こんにちは。25新卒エンジニアの緑川です。

この記事では、私が社内でのルーティンを自動化しようとして、うまくいったりいかなかったことについて紹介します。

目的

セーフィーの開発本部では、メンバーの勤務状況を把握するため、毎日仕事の開始時と終了時に「始業」「終業」のスタンプをSlackチャンネルへ送信するルールがあります。

さらに、我々新卒エンジニアは研修期間中、その日やったことについてまとめた日報をNotionに書き、報告に添付することになっています。

こんな感じ

こんな感じ

この投稿をするためには、

  1. 日報のURLをコピーする
  2. Slackに、:syugyo:と打ち込む
  3. 改行して、日報 と打ち込む
  4. 日報の部分を選択
  5. URLをペースト

という、たいしたことはないものの毎日だと微妙に面倒くさい作業を要していました。

この日報報告の投稿を、たとえば、ボタンを一つ押すだけでできたら楽じゃないかと考えました。

先輩に倣う

そんなことを1年先輩のトレーナーに相談すると、まさに同じことを去年やったと教えていただきました。やり方は以下の通りです。
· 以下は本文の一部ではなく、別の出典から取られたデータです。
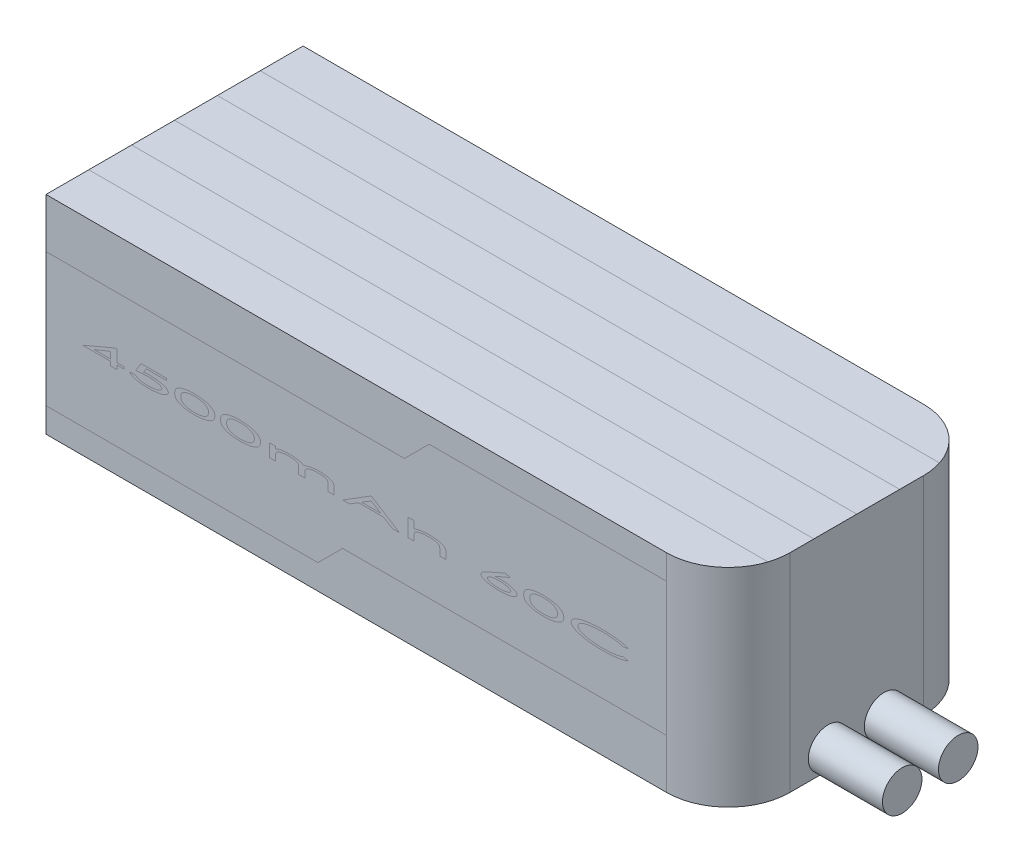
from build123d import *

# Parameters (mm, degrees)
SALIENTE_EXTRUIR1_DEPTH = 42
CROQUIS7_R              = 4
SALIENTE_EXTRUIR2_DEPTH = 15


with BuildPart() as part:
    # Croquis1 → Saliente-Extruir1 (new body)
    with BuildSketch(Plane(origin=(0, 0, 0), x_dir=(1, 0, 0), z_dir=(0, 1, 0))):
        with BuildLine():
            Line((0, 0), (125.5, 0))
            ThreePointArc((125.5, 0), (134.338834765, 3.661165235), (138, 12.5))
            Line((138, 12.5), (138, 39.5))
            ThreePointArc((138, 39.5), (134.338834765, 48.338834765), (125.5, 52))
            Line((125.5, 52), (0, 52))
            Line((0, 52), (0, 0))
        make_face()
    extrude(amount=SALIENTE_EXTRUIR1_DEPTH)

    # Croquis7 → Saliente-Extruir2 (add)
    with BuildSketch(Plane(origin=(138, 0, 0), x_dir=(0, 0, -1), z_dir=(1, 0, 0))):
        with Locations((20.189152703, 4)):
            Circle(CROQUIS7_R)
        with Locations((31.517370161, 4)):
            Circle(CROQUIS7_R)
    extrude(amount=SALIENTE_EXTRUIR2_DEPTH)


solid = part.part
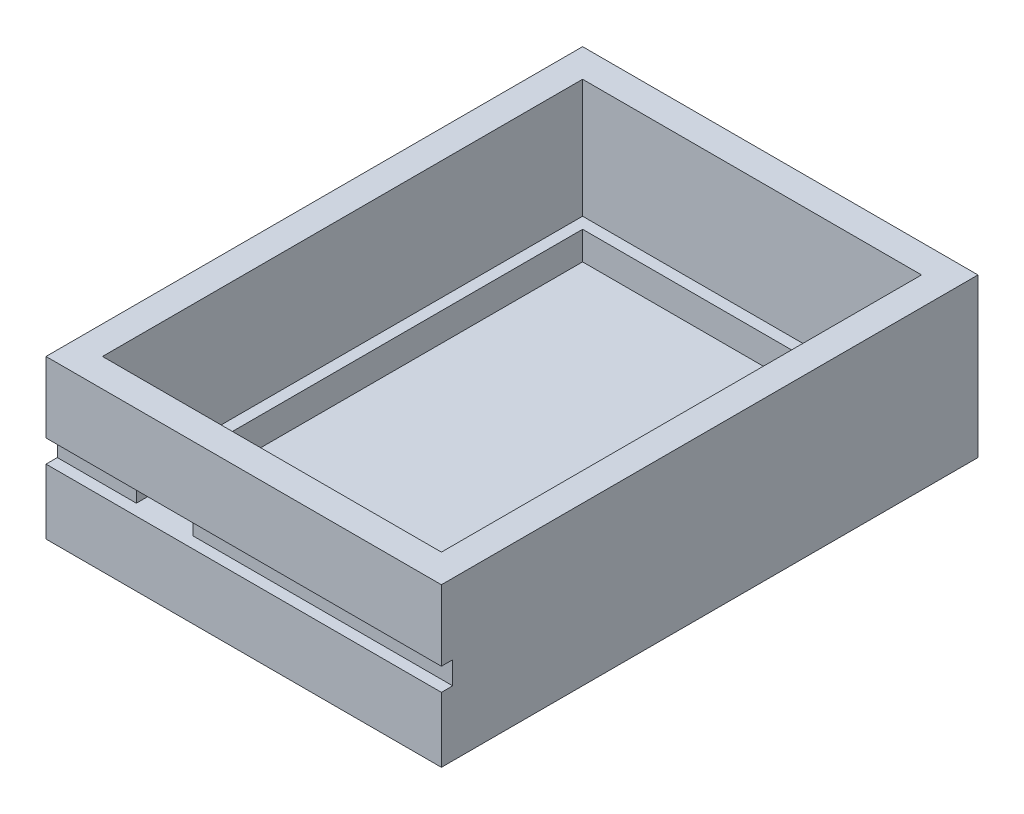
from build123d import *

# Parameters (mm, degrees)
SKETCH1_W         = 60
SKETCH1_H         = 85
FLOOR_2_DEPTH     = 5
SKETCH3_W         = 70
SKETCH3_H         = 95
SKETCH3_W_2       = 60
SKETCH3_H_2       = 85
WALLS_DEPTH       = 28
SKETCH7_W         = 10
SKETCH7_H         = 4
USB_C_DEPTH       = 5
SENSORWALL_DEPTH  = 5
SKETCH8_W         = 70
SKETCH8_H         = 4
WIRESPACING_DEPTH = 2


with BuildPart() as part:
    # Sketch1 → Floor 2 (new body)
    with BuildSketch(Plane(origin=(0, 0, 0), x_dir=(1, 0, 0), z_dir=(0, 1, 0))):
        Rectangle(SKETCH1_W, SKETCH1_H)
    extrude(amount=FLOOR_2_DEPTH)

    # Sketch3 → Walls (add)
    with BuildSketch(Plane(origin=(0, 0, 0), x_dir=(1, 0, 0), z_dir=(0, 1, 0))):
        Rectangle(SKETCH3_W, SKETCH3_H)
        Rectangle(SKETCH3_W_2, SKETCH3_H_2, mode=Mode.SUBTRACT)
    extrude(amount=WALLS_DEPTH)

    # Sketch7 → USB-C (cut)
    with BuildSketch(Plane.XY.offset(47.5)):
        with Locations((-16, 13.5)):
            Rectangle(SKETCH7_W, SKETCH7_H)
    extrude(amount=-USB_C_DEPTH, mode=Mode.SUBTRACT)

    # WallSketch → SensorWall (add)
    with BuildSketch(Plane(origin=(0, 5, 0), x_dir=(1, 0, 0), z_dir=(0, 1, 0))):
        Polygon((-25, -42.5), (-25, 37.5), (25, 37.5), (25, -42.5), (27, -42.5), (27, 39.5), (-27, 39.5), (-27, -42.5), align=None)
    extrude(amount=SENSORWALL_DEPTH)

    # Sketch8 → WireSpacing (cut)
    with BuildSketch(Plane.XY.offset(47.5)):
        with Locations((0, 13.5)):
            Rectangle(SKETCH8_W, SKETCH8_H)
    extrude(amount=-WIRESPACING_DEPTH, mode=Mode.SUBTRACT)


solid = part.part
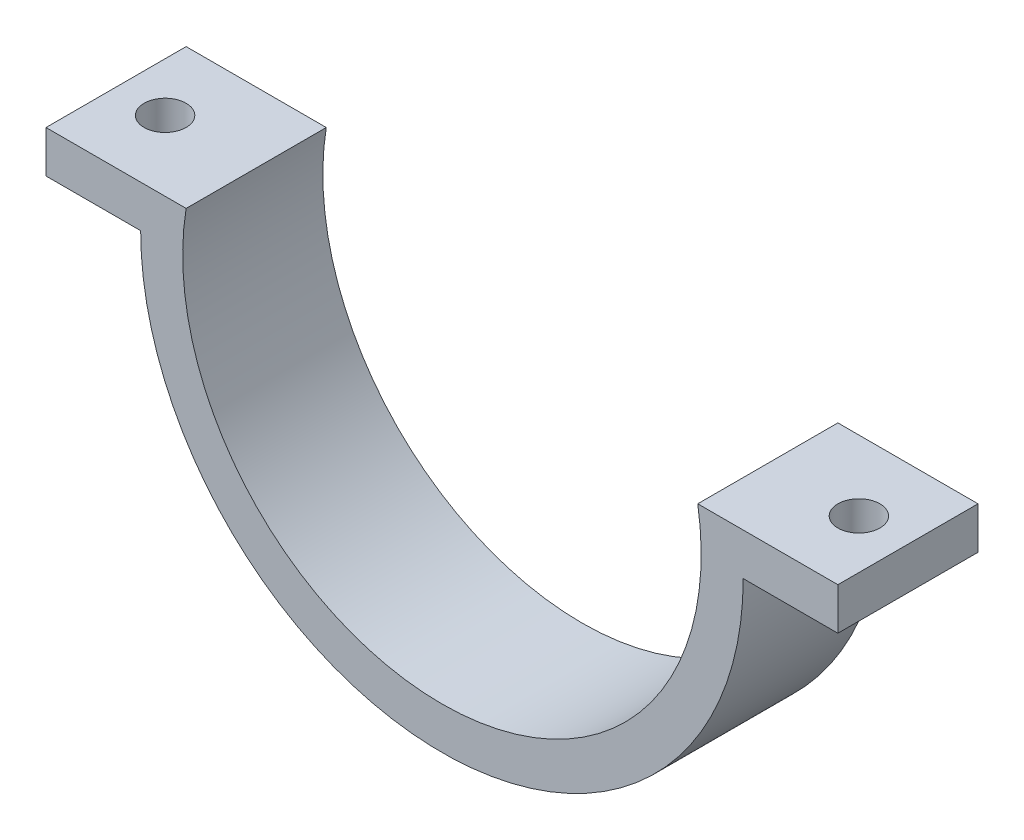
from build123d import *

# Parameters (mm, degrees)
BOSS_EXTRUDE1_DEPTH = 10
CUT_EXTRUDE1_DEPTH  = 3


with BuildPart() as part:
    # Sketch1 → Boss-Extrude1 (new body)
    with BuildSketch(Plane.XY):
        with BuildLine():
            ThreePointArc((18.5, 0), (-1.504988227, -18.438682449), (-18.255136264, 3))
            Line((-18.255136264, 3), (-28.255136264, 3))
            Line((-28.255136264, 3), (-28.255136264, 0))
            Line((-28.255136264, 0), (-21.5, 0))
            ThreePointArc((-21.5, 0), (0, -21.5), (21.5, 0))
            Line((21.5, 0), (28.255136264, 0))
            Line((28.255136264, 0), (28.255136264, 3))
            Line((28.255136264, 3), (18.255136264, 3))
            ThreePointArc((18.255136264, 3), (18.438682449, 1.504988227), (18.5, 0))
        make_face()
    extrude(amount=BOSS_EXTRUDE1_DEPTH)

    # Sketch2 → Cut-Extrude1 (cut)
    with BuildSketch(Plane(origin=(0, 3, 0), x_dir=(1, 0, 0), z_dir=(0, 1, 0))):
        with BuildLine():
            ThreePointArc((-23.255136264, -5), (-24.755136264, -3.5), (-26.255136264, -5))
            Line((-26.255136264, -5), (-23.255136264, -5))
        make_face()
        with BuildLine():
            Line((-23.255136264, -5), (-26.255136264, -5))
            ThreePointArc((-26.255136264, -5), (-24.755136264, -6.5), (-23.255136264, -5))
        make_face()
    cut_extrude1 = extrude(amount=-CUT_EXTRUDE1_DEPTH, mode=Mode.SUBTRACT)

    # Mirror1: Cut-Extrude1 across plane
    add(cut_extrude1.mirror(Plane(origin=(0, 0, 0), x_dir=(0, 0, 1), z_dir=(1, 0, 0))), mode=Mode.SUBTRACT)


solid = part.part
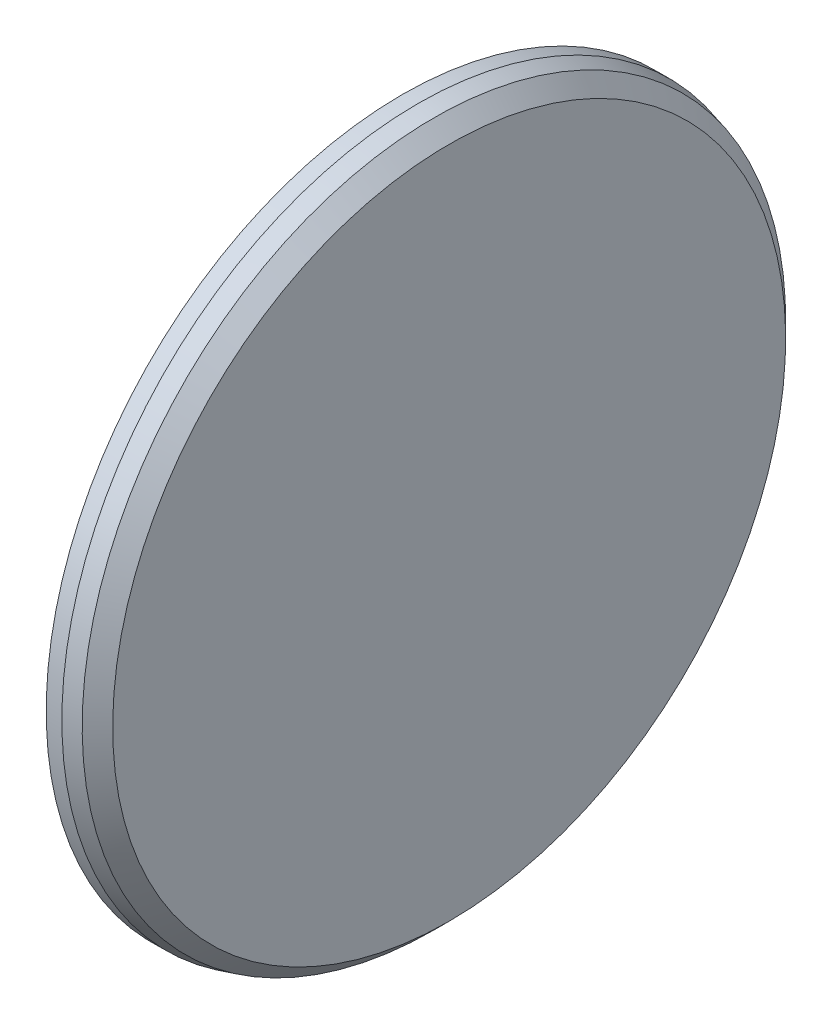
from build123d import *
from build123d.topology import SkipClean

# Parameters (mm, degrees)
CUT_EXTRUDE3_DEPTH = 10
CIRPATTERN1_COUNT  = 9


with BuildPart() as part:
    # Sketch1 → Revolve1 (revolve)
    with BuildSketch(Plane.XY, mode=Mode.PRIVATE) as revolve1_sk:
        Polygon((-40, 100), (-40, 0), (40, 0), (40, 430), (20.490381057, 449.509618943), (0, 455), (-20, 455), (-20, 410), (10, 410), (10, 100), (-20, 100), align=None)
    revolve(revolve1_sk.sketch.rotate(Axis((-40, 0, 0), (1, 0, 0)), 180), axis=Axis((-40, 0, 0), (1, 0, 0)))

    # Sketch2 → Cut-Extrude3 (cut)
    with SkipClean():  # the faces are left unmerged after this step: merging them gives an invalid solid
        with BuildSketch(Plane.ZY.offset(-10)):
            with BuildLine():
                Line((20, 105.830052443), (20, 398.873413504))
                ThreePointArc((20, 398.873413504), (23.199264746, 406.204852653), (30.75, 408.845248841))
                ThreePointArc((30.75, 408.845248841), (109.265252373, 395.172246778), (183.651957914, 366.567808672))
                ThreePointArc((183.651957914, 366.567808672), (215.530603819, 325.085308606), (202.738728221, 274.356482529))
                Line((202.738728221, 274.356482529), (51.709811994, 94.367229029))
                ThreePointArc((51.709811994, 94.367229029), (46.332346285, 91.059191807), (40.044879602, 91.631913751))
                ThreePointArc((40.044879602, 91.631913751), (33.736520206, 94.137384733), (27.272727273, 96.209138584))
                ThreePointArc((27.272727273, 96.209138584), (22.022759648, 99.799825551), (20, 105.830052443))
            make_face()
        cut_extrude3 = extrude(amount=-CUT_EXTRUDE3_DEPTH, mode=Mode.SUBTRACT)

    # CirPattern1: Cut-Extrude3 ×9 about axis
    with SkipClean():  # the faces are left unmerged after this step: merging them gives an invalid solid
        cirpattern1_axis = Axis((0, 0, 0), (1, 0, 0))
        for i in range(1, CIRPATTERN1_COUNT):
            add(cut_extrude3.rotate(cirpattern1_axis, i * 360 / CIRPATTERN1_COUNT), mode=Mode.SUBTRACT)


solid = part.part

  • GASのウェブアプリを作り、クエリパラメータつきのGETリクエストを送るとその内容がJSONでSlackに送られるようにする
  • Notionの日報テンプレートに、クエリパラメータとして記事のIDと作成者を埋め込んだリンクを自動で作成する関数を置く
  • 関数で生成されたリンクをクリックするとブラウザからGASにリクエストが飛び、それをもとにSlackに情報が送信される
  • Slackで、

      {名前}
      :syugyo:
      日報
    

    という投稿を行う

sequenceDiagram
    ユーザー ->> Notion: 記事上の通知リンクをクリック
    Notion ->> GAS: クエリパラメータ(記事URLなど)を埋め込んだURLで遷移
    Note over GAS: クエリパラメータからSlack向けJSONを作成
    GAS ->> Slack ワークフロー: JSONを含んだPOSTリクエストを送信
    Slack ワークフロー ->> 出退勤連絡チャンネル: 記事リンク付き終業報告を送信

これを拝借(コピペ)すれば目的達成!ですが、それだけだと面白くないので、何かアップデートを加えたいものです。このやり方では、NotionとSlackの仲介役としてGASが使われています。このGASをなくし、SlackとNotionで直接通信することはできないか?と考えました。

Notionボタン

Notionでは、ボタンというオブジェクトが使えます。

ボタンが押されると指定した処理が実行可能という便利な機能ですが、その中にWebhook送信というものがあります。これは、POSTリクエストで指定URLにJSONを送信するというシンプルな動作をします。ここから作成者と記事のIDを送信するように設定することができれば、Slackを直接操作できそうです。

Slackワークフロー

ここでSlack側の機能について説明します。今回終業報告の自動投稿に使ったのは、Slackワークフローです。これは特定のイベントが起きたときに設定した処理を実行できるという機能です。よって、Webhookを受信したときに、そこに含まれた情報を埋め込んだ投稿を指定チャンネルに送信するように設定します。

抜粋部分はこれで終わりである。